● **Collection entries**

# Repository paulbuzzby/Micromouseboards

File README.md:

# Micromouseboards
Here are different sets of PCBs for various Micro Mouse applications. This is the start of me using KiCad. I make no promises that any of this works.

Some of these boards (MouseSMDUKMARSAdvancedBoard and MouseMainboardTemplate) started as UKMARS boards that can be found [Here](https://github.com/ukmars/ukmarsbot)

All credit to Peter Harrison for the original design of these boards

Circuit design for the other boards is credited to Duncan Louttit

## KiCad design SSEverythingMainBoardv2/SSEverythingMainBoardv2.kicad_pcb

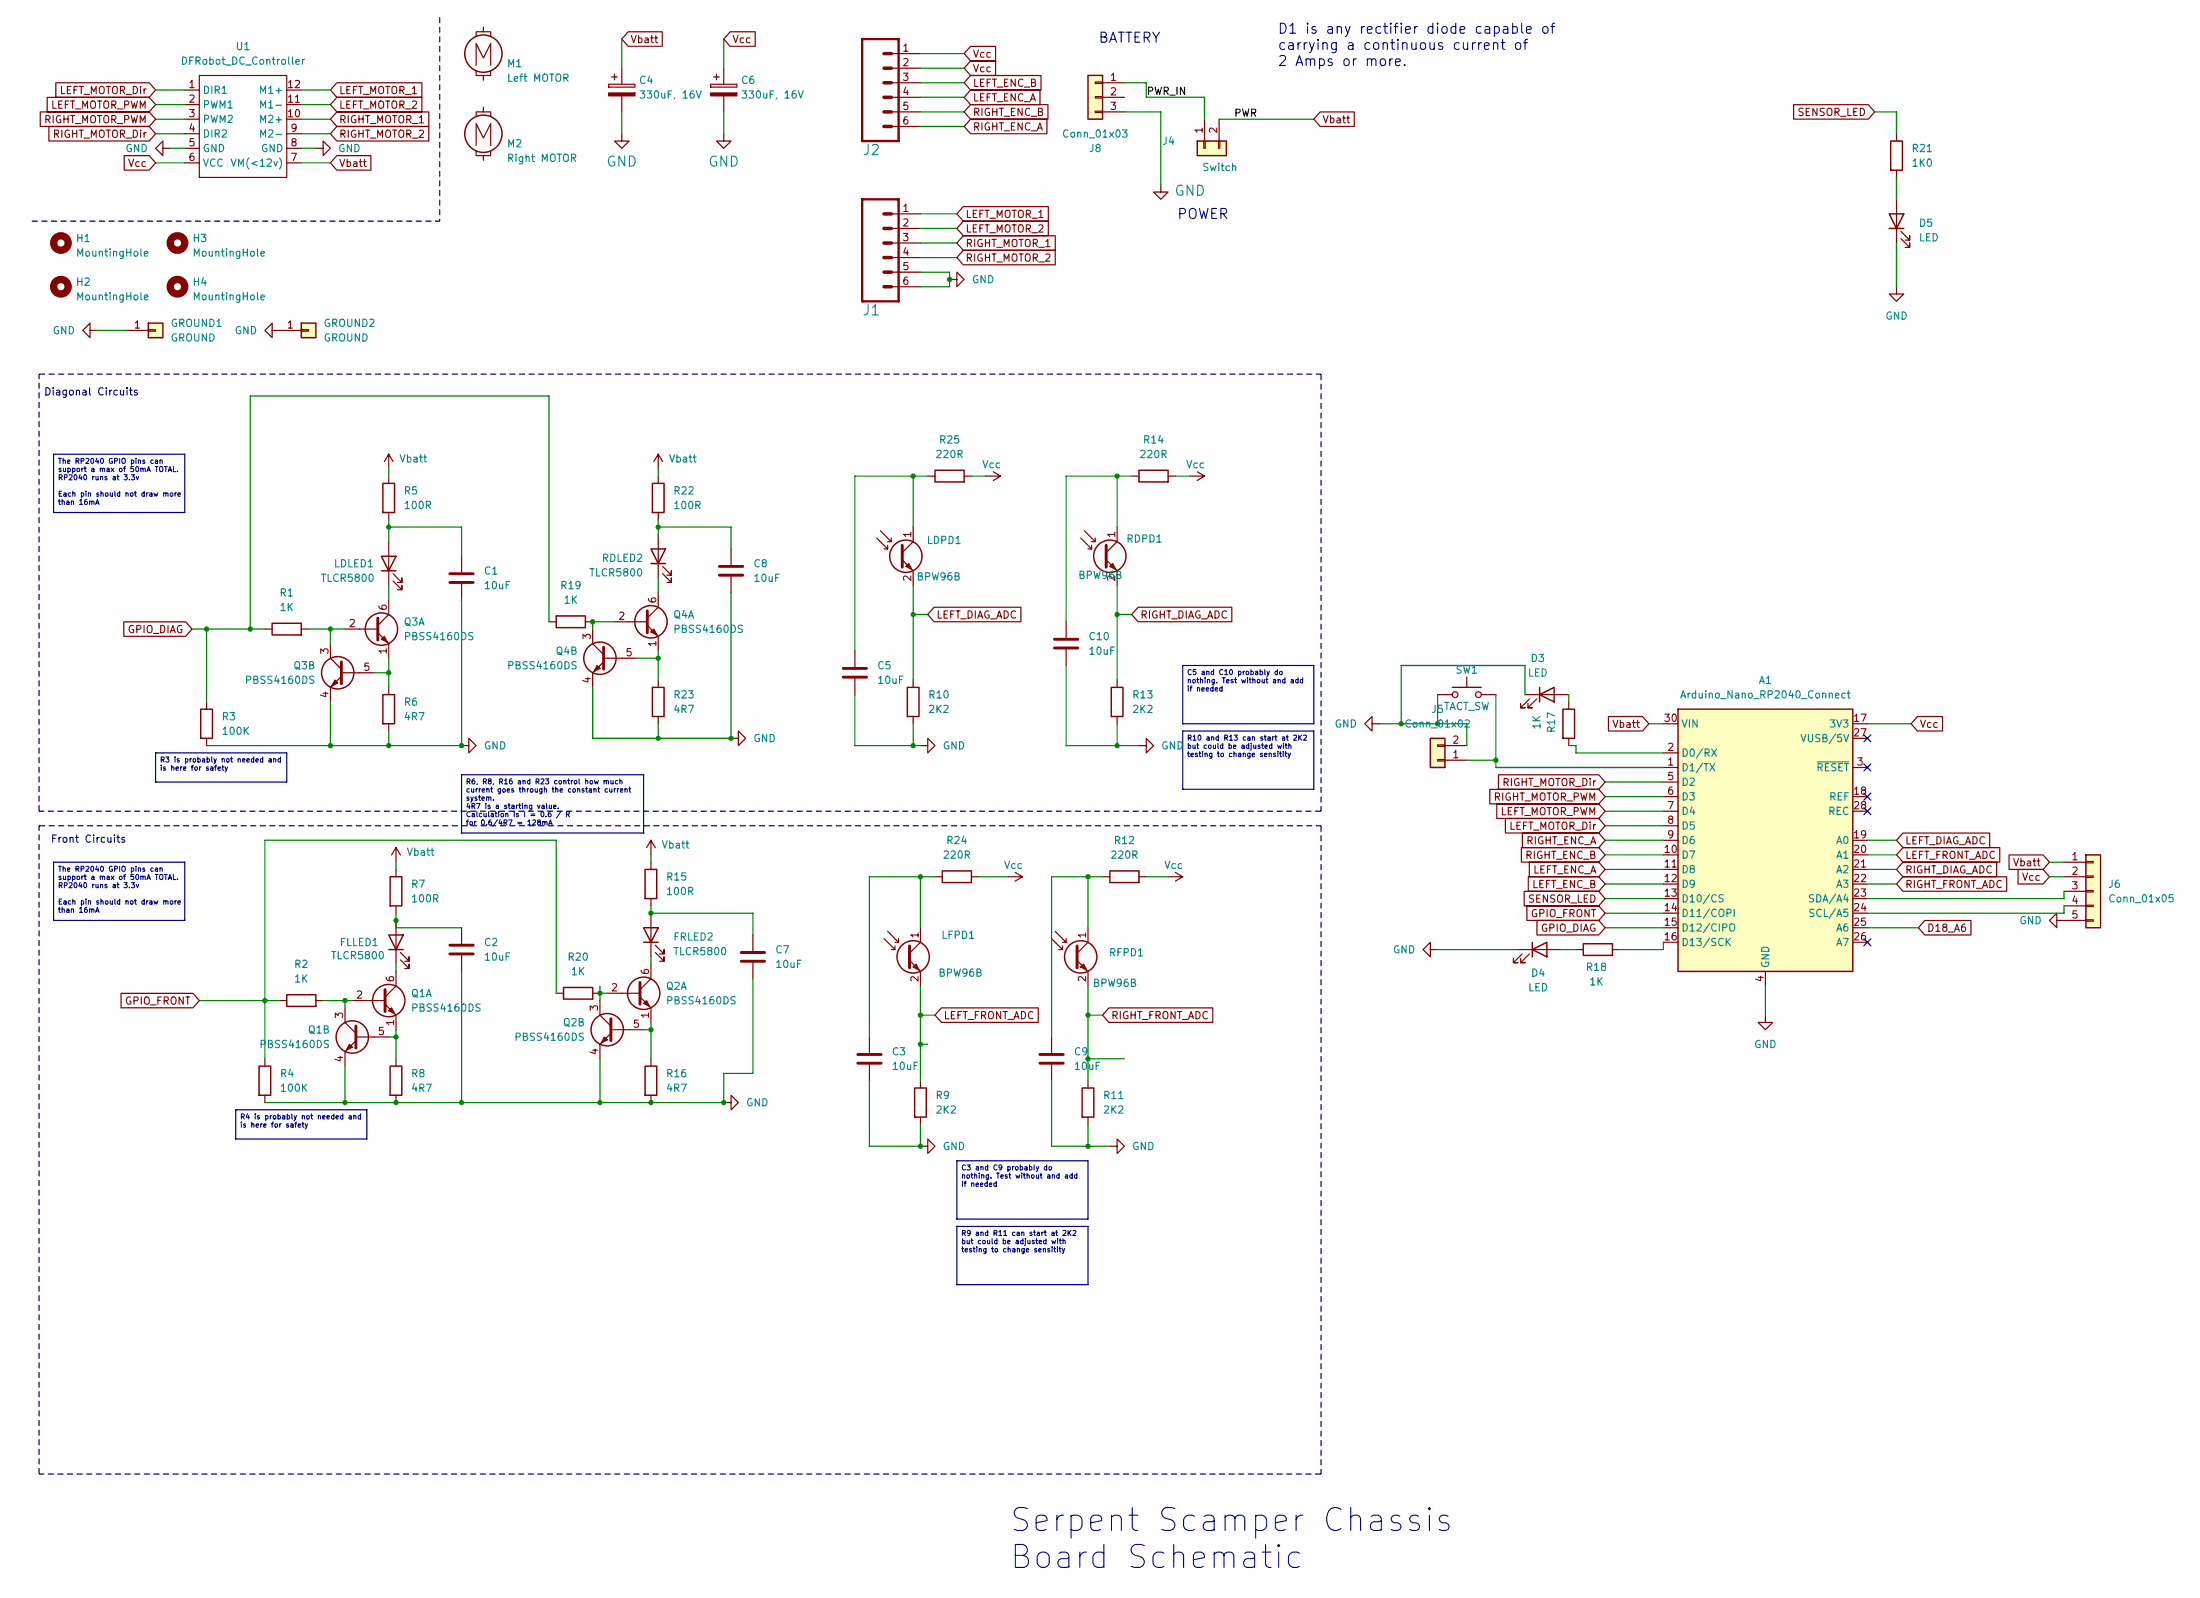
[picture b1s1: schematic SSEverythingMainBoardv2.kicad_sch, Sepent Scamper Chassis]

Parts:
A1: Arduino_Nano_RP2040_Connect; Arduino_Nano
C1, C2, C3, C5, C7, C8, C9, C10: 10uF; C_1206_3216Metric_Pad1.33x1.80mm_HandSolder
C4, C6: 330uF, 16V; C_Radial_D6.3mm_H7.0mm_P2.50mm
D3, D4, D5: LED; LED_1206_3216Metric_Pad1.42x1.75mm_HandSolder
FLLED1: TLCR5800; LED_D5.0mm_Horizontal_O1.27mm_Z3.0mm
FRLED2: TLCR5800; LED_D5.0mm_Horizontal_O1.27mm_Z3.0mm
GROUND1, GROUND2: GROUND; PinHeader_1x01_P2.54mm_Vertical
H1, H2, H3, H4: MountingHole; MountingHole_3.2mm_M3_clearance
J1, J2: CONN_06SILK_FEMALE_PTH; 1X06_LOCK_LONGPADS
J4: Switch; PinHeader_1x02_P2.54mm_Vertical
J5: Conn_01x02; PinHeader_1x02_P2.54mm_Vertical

● **Work required**
In the data above, take the line with "## KiCad design", the line with "[picture b1s1: schematic", and every line between, and set them down exactly without pictures.

● **Result of the task**
## KiCad design SSEverythingMainBoardv2/SSEverythingMainBoardv2.kicad_pcb

[picture b1s1: schematic SSEverythingMainBoardv2.kicad_sch, Sepent Scamper Chassis]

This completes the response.